Objective To investigate the effects of isocorydine (ICD) on the proliferation and radiosensitivity of cervical cancer SiHa cells and determine the underlying mechanism.

Methods Different concentrations (25, 50, 100, and 200 μmol/L) of ICD were used to treat cervical cancer SiHa cells (ICD treatment group). Normal cultured SiHa cells without ICD treatment were set as the normal control (NC) group. The 3-(4,5-dimethylthiazole-2-yl)-2,5-diphenyltetrazolium bromide (MTT) assay was used to detect cell proliferation. Cell clone formation experiment was conducted to determine the radiation sensitization effect of ICD on cells. Western blot analysis was employed to detect phosphorylated histone H2AX (γ-H2AX), phosphorylated phosphatidylinositol 3-kinase (p-PI3K), and phosphorylated protein kinase B (p-Akt) expression. Real-time quantitative PCR (qRT-PCR) was used to detect the expression of microRNA-129-5p (miR-129-5p). SiHa cells were transfected with miR-NC and miR-129-5p, and the roles of transfection of miR-129-5p on cell proliferation, radiosensitivity, cyclinD1, and γ-H2AX protein expression were observed. Anti-miR-NC and anti-miR-129-5p were transfected into SiHa cells, which were then treated with ICD to evaluate the effects on ICD-induced cell proliferation, radiosensitivity, and PI3K/Akt signaling pathway. Data between two groups were compared by independent sample t test.

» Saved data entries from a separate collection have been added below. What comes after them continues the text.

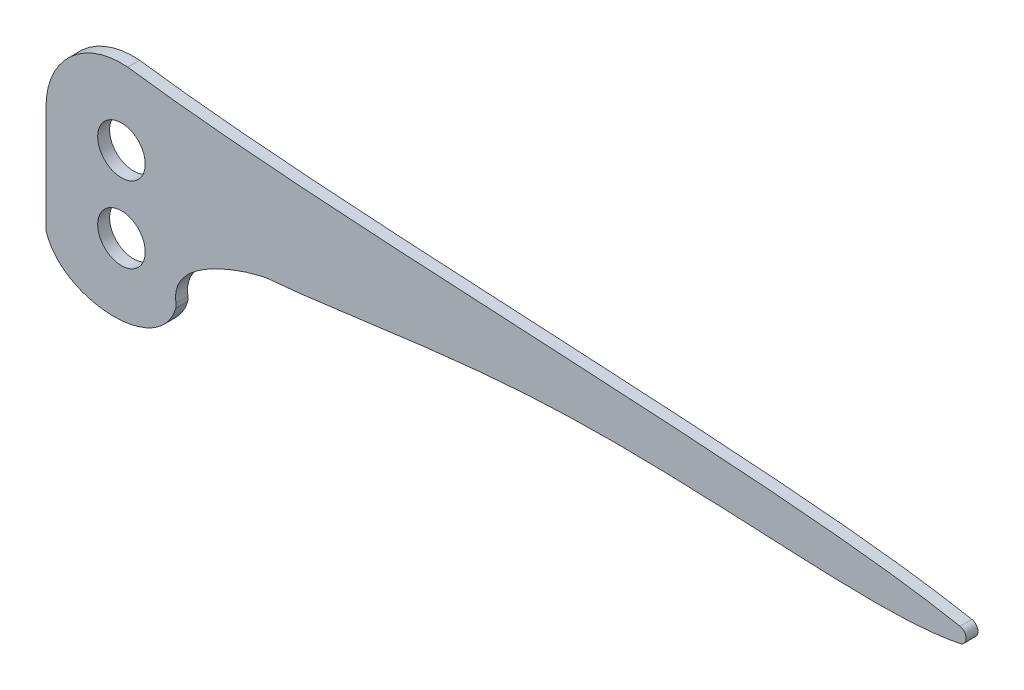
from build123d import *

# Parameters (mm, degrees)
SKETCH1_R           = 7.9375
BOSS_EXTRUDE1_DEPTH = 3.96875
SCALE1_SCALE        = 0.75


with BuildPart() as part:
    # Sketch1 → Boss-Extrude1 (new body)
    with BuildSketch(Plane.XY):
        with BuildLine():
            ThreePointArc((2.090204907, 25.105012471), (-17.058347301, 18.537621075), (-25.191875828, 0))
            Line((-25.191875828, 0), (-25.191875828, -35.215356132))
            ThreePointArc((-25.191875828, -35.215356132), (-25.144594979, -35.781140778), (-25.004063999, -36.331230578))
            add(Edge.make_bspline(
                [(-25.004063999, -36.331230578), (-24.302161584, -38.357321078), (-17.500345693, -49.472928078), (6.486565439, -52.353017034), (16.828257208, -40.890808587), (18.117618202, -36.640731795)],
                knots=[0.011286064, 0.011286064, 0.011286064, 0.011286064, 0.130987572, 0.750185474, 0.983991621, 0.983991621, 0.983991621, 0.983991621], degree=3))
            ThreePointArc((18.117618202, -36.640731795), (18.258374718, -35.854153527), (18.212152653, -35.056418427))
            add(Edge.make_bspline(
                [(18.212152653, -35.056418427), (15.722327617, -21.003254002), (45.083704914, -12.577387864), (50.314621311, -12.487786805)],
                knots=[0.243688719, 0.243688719, 0.243688719, 0.243688719, 1, 1, 1, 1], degree=3))
            add(Edge.make_bspline(
                [(50.314621311, -12.487786805), (67.828969762, -11.217353563), (162.851239243, 6.097445829), (250.038282618, -9.041784468), (279.934807735, -2.602592093)],
                knots=[0.23584572, 0.23584572, 0.23584572, 0.23584572, 0.495200792, 0.941477437, 0.941477437, 0.941477437, 0.941477437], degree=3))
            ThreePointArc((279.934807735, -2.602592093), (281.939894054, -0.09633433), (279.889362488, 2.372880002))
            add(Edge.make_bspline(
                [(2.090204907, 25.105012471), (29.372633882, 21.318909318), (128.041674084, 14.540572725), (239.548411309, 10.293455518), (279.889362488, 2.372880002)],
                knots=[0.008543469, 0.008543469, 0.008543469, 0.008543469, 0.340594684, 0.94139515, 0.94139515, 0.94139515, 0.94139515], degree=3))
        make_face()
        with Locations((0, -25.4)):
            Circle(SKETCH1_R, mode=Mode.SUBTRACT)
        Circle(SKETCH1_R, mode=Mode.SUBTRACT)
    extrude(amount=BOSS_EXTRUDE1_DEPTH)


with BuildPart() as part_1:
    # Scale1: scaled about (77.459718125, -1.436602642, 1.984375)
    add(part.part.scale(SCALE1_SCALE).moved(Location((19.364929531, -0.35915066, 0.49609375))))


solid = part_1.part

Results The MTT assay showed that the 25, 50, 100, and 200 μmol/L ICD treatment groups exhibited significant increase in the proliferation inhibition rate ((10.26±1.03)%, (22.16±2.21)%, (44.09±4.41)%, (70.88±7.09)%) of SiHa cells compared with the NC group ((0.05±0.01)%), and the differences were statistically significant (t=29.736−30.013, all P<0.05). The cell clone formation, Western blot, and qRT-PCR analyses showed that the 100 μmol/L ICD treatment group had increased radiosensitivity to different doses of X-rays (t=19.135−44.478, all P<0.05), increased γ-H2AX protein expression (t=15.041, P<0.05) and miR-129-5p expression (t=19.682, P<0.05), and decreased expression of p-PI3K and p-Akt protein compared with the NC group (t=14.897, 15.429; both P<0.05). Transfected (highly expressed) miR-129-5p considerably increased the proliferation inhibition rate ((75.06±7.51)% vs. (1.04±0.10)%; t=29.566, P<0.05), radiosensitivity to different doses of X-rays (t=13.239−37.015, all P<0.05), and γ-H2AX protein expression (t=17.076, P<0.05) of SiHa cells and evidently decreased the expression of the cyclinD1 protein (t=17.393, P<0.05) compared with transfected miR-NC. The transfection of anti-miR-129-5p (low expression of miR-129-5p) reversed the inhibitory effect of ICD on SiHa cell proliferation and PI3K/Akt signaling pathway and reversed its ability to enhance cell radiosensitivity compared with the transfection of anti-miR-NC, and the differences were statistically significant (t=13.370−28.252, all P<0.05).

Conclusion ICD inhibits the proliferation of cervical cancer SiHa cells and enhances radiosensitivity by up-regulating the expression of miR-129-5p and the PI3K/Akt signaling pathway.